Re: So I'm in a bit of a quandary
by hacker (Priest) on Jul 08, 2002 at 07:31 UTC
    3. My boss was the original author. I'll obviously have to tread lightly so as to not offend.

    A few things come to mind:

    1. Were you hired to be a perl programmer?
    2. Is your skill level with perl expected to exceed that of your boss?
    3. Does your boss still actively contribute/write/maintain any company perl code?
    4. Is your boss going to be paying for your time to update/fix this code?

    If your boss is still actively writing production perl code under these conditions, he puts the company at risk, depending on the nature of the code. If he does not write or maintain any company perl code, he could have written this at a time when -w -T and strict were not stressed as much as they are now.

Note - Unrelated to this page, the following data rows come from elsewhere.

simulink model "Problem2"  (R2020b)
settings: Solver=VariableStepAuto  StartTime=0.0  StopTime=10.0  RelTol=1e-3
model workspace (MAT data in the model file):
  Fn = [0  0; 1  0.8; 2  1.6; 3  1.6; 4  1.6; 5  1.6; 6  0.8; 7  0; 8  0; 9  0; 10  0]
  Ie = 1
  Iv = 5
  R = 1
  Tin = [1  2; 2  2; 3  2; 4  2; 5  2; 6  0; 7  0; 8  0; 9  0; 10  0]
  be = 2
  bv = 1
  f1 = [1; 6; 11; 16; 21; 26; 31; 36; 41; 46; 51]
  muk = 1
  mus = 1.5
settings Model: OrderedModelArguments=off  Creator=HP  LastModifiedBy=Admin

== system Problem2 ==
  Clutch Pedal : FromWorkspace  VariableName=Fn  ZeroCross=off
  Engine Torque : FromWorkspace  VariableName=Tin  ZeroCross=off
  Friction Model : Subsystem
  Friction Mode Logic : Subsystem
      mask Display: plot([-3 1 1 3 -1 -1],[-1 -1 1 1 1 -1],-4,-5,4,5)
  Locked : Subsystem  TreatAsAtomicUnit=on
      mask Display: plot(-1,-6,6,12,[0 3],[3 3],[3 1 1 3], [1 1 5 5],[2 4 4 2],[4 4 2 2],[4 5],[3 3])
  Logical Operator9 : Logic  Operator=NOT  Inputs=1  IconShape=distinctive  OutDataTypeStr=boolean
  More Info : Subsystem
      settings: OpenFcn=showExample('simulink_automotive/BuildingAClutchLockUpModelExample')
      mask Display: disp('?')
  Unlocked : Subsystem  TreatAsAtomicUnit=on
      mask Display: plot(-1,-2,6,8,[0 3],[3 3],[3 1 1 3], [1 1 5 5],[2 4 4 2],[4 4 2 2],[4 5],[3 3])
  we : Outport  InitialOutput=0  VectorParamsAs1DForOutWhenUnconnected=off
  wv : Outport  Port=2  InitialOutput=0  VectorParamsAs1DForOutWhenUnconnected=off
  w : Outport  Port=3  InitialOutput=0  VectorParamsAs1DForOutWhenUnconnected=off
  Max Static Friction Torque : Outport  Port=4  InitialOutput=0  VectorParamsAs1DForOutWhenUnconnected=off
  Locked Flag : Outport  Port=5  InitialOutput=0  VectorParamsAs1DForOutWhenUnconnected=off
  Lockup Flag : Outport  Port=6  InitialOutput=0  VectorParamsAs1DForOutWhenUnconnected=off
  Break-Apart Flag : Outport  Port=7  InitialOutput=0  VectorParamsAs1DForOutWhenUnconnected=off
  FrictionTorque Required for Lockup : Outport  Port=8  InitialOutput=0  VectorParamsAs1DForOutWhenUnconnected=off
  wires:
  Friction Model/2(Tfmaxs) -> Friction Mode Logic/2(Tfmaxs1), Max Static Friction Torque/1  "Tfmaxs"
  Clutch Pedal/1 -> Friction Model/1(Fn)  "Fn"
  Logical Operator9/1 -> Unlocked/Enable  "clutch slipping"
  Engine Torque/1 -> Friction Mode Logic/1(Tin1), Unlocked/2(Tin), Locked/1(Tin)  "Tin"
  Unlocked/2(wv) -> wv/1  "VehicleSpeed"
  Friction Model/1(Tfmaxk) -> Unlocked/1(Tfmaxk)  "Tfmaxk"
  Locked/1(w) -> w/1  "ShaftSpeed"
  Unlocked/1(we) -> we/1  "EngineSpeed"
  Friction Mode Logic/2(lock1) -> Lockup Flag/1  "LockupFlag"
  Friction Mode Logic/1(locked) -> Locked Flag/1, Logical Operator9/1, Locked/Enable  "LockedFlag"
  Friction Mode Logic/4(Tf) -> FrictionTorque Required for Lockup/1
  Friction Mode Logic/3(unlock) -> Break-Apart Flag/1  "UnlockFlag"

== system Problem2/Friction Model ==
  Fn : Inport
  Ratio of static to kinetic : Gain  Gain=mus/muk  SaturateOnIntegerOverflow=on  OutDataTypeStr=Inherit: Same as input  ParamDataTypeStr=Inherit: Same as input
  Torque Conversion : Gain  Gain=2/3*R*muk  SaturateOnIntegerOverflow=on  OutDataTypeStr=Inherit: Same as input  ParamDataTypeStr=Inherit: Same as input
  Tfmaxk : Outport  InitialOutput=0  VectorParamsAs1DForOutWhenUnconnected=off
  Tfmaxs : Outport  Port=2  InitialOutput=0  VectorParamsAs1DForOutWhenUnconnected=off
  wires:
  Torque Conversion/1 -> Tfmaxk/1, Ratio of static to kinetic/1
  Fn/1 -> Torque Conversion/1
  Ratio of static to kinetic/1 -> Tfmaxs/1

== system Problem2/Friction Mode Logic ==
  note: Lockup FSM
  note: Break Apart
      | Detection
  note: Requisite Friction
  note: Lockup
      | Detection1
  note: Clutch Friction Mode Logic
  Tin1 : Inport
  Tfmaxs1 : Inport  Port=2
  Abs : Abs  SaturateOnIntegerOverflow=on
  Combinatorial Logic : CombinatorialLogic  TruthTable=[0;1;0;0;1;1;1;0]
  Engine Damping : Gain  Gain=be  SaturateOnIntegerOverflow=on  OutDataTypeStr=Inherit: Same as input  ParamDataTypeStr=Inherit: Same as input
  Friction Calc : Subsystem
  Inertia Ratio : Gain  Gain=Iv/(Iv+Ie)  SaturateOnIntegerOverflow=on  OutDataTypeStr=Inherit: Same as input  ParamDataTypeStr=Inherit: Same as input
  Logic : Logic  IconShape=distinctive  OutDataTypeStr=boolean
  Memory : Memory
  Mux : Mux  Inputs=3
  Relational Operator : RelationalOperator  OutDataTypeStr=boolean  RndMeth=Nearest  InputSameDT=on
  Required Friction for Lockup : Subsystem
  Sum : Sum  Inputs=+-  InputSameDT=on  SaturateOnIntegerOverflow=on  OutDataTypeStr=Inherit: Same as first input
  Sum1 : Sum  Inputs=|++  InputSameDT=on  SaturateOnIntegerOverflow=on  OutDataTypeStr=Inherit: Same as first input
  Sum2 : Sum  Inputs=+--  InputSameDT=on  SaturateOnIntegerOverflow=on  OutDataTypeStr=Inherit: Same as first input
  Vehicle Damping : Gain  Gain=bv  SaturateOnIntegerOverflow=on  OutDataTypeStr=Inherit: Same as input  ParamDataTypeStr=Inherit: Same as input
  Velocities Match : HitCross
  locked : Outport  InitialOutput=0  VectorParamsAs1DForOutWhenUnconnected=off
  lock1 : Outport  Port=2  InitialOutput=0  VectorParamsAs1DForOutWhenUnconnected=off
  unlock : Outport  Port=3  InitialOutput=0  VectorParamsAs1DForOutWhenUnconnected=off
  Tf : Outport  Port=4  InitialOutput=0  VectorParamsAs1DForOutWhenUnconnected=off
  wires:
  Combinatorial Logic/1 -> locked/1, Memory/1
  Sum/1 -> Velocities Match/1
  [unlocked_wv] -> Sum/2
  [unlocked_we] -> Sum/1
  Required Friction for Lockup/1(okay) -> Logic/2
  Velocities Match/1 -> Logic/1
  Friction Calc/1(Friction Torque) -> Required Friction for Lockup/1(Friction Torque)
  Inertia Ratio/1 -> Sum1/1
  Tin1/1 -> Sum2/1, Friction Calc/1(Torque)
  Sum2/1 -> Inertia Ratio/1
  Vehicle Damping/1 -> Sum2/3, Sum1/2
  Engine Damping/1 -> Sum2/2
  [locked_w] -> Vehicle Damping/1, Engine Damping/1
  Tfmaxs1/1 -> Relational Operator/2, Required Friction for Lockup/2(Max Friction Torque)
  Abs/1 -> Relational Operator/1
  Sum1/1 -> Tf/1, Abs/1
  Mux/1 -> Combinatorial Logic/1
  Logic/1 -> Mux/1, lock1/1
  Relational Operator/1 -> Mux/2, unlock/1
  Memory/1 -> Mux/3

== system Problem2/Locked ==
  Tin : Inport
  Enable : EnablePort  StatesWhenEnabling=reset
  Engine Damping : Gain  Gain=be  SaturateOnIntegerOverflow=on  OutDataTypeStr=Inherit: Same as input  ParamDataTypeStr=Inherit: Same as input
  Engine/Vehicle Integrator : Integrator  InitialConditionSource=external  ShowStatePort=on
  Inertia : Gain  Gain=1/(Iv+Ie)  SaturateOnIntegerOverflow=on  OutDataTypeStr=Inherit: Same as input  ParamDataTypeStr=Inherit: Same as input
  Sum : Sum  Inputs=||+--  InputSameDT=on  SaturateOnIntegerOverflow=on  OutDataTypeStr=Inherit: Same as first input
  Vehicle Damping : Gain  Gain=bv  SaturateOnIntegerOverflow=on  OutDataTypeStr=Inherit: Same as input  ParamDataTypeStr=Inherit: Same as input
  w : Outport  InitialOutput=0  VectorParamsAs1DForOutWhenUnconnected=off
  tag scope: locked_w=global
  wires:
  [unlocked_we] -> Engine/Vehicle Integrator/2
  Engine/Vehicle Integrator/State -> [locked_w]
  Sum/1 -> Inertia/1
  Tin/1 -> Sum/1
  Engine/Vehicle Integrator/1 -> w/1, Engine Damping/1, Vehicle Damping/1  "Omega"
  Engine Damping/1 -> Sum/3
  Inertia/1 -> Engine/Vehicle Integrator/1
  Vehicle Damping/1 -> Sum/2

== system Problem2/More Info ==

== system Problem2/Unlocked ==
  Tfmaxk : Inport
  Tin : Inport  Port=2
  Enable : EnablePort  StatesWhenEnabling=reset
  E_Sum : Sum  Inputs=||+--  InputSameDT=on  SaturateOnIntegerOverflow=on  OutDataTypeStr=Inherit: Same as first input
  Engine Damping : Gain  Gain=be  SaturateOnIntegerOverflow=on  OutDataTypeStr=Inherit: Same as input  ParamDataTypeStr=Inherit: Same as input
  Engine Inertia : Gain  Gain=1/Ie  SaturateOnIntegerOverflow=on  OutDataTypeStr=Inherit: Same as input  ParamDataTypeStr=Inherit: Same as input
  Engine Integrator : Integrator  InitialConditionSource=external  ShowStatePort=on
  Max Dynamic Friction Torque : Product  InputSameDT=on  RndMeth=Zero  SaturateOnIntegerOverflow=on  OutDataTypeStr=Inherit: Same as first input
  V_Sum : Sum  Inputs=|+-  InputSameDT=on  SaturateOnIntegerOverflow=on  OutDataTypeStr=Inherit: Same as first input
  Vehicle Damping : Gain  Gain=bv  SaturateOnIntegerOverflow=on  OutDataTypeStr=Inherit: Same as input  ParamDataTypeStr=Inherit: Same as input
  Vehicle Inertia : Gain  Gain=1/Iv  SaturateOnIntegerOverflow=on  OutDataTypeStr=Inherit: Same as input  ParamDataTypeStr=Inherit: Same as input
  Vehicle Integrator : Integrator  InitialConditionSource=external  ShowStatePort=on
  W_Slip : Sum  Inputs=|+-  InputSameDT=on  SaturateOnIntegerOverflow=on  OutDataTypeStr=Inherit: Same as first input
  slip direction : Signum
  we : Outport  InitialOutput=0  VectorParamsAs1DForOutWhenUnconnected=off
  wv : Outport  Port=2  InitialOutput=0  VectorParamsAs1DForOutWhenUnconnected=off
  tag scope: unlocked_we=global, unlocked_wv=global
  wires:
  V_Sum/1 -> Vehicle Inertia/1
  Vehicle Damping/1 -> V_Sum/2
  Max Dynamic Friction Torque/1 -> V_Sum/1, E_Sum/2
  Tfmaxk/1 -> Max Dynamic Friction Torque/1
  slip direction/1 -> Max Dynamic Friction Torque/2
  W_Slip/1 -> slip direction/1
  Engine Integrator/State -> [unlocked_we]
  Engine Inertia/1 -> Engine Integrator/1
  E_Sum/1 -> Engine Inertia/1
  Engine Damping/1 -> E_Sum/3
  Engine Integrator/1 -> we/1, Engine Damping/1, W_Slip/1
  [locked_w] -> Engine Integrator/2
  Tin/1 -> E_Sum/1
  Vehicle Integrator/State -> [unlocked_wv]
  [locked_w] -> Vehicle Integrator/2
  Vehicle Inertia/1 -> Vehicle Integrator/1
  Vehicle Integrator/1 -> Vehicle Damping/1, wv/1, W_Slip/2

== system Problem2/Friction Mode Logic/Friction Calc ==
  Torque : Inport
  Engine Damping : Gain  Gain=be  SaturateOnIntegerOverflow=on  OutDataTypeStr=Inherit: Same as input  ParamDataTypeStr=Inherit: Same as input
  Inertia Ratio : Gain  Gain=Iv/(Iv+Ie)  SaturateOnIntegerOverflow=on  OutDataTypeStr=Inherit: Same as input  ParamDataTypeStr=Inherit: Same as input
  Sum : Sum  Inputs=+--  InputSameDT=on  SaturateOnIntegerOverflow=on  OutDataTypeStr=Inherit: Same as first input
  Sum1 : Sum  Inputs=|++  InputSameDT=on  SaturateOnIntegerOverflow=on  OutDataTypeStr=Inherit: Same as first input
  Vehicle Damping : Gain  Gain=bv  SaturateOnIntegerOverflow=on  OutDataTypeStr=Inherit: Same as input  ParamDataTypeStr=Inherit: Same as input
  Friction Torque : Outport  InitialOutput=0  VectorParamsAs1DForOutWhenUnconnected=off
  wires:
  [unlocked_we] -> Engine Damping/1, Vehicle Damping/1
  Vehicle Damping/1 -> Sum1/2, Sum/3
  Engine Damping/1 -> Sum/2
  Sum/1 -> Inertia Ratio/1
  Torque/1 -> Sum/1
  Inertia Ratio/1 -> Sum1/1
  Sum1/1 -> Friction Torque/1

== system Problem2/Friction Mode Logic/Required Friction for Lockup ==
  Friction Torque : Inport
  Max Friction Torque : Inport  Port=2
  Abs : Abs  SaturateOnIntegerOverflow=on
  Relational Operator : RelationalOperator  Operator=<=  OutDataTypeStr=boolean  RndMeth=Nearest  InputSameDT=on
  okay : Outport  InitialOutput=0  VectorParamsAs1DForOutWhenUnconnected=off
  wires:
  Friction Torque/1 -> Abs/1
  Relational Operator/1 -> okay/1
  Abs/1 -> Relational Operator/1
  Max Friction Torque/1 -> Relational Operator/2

    Good programming practices are important, but spaghetti code is never excusable.

    One approach you may want to try, which will allow you to do the rewrite, and at the same time not offend your boss, is to try to convert the code into a module/package-based piece of code, using proper OO concepts (this assumes of course, that the existing code is monolithic, and not modular). This will allow you to do the rewrite, and hide the inadequacies of your boss' code in more maintainable code.

    Another approach is to go through it and "update" the code to work better with "current" perl and industry standards around usability and security. A rudimentary 'audit' of the code could be performed, to show where it would fail under certain conditions. Put it under load, fire different variables/inputs at it, etc. and see where it breaks down.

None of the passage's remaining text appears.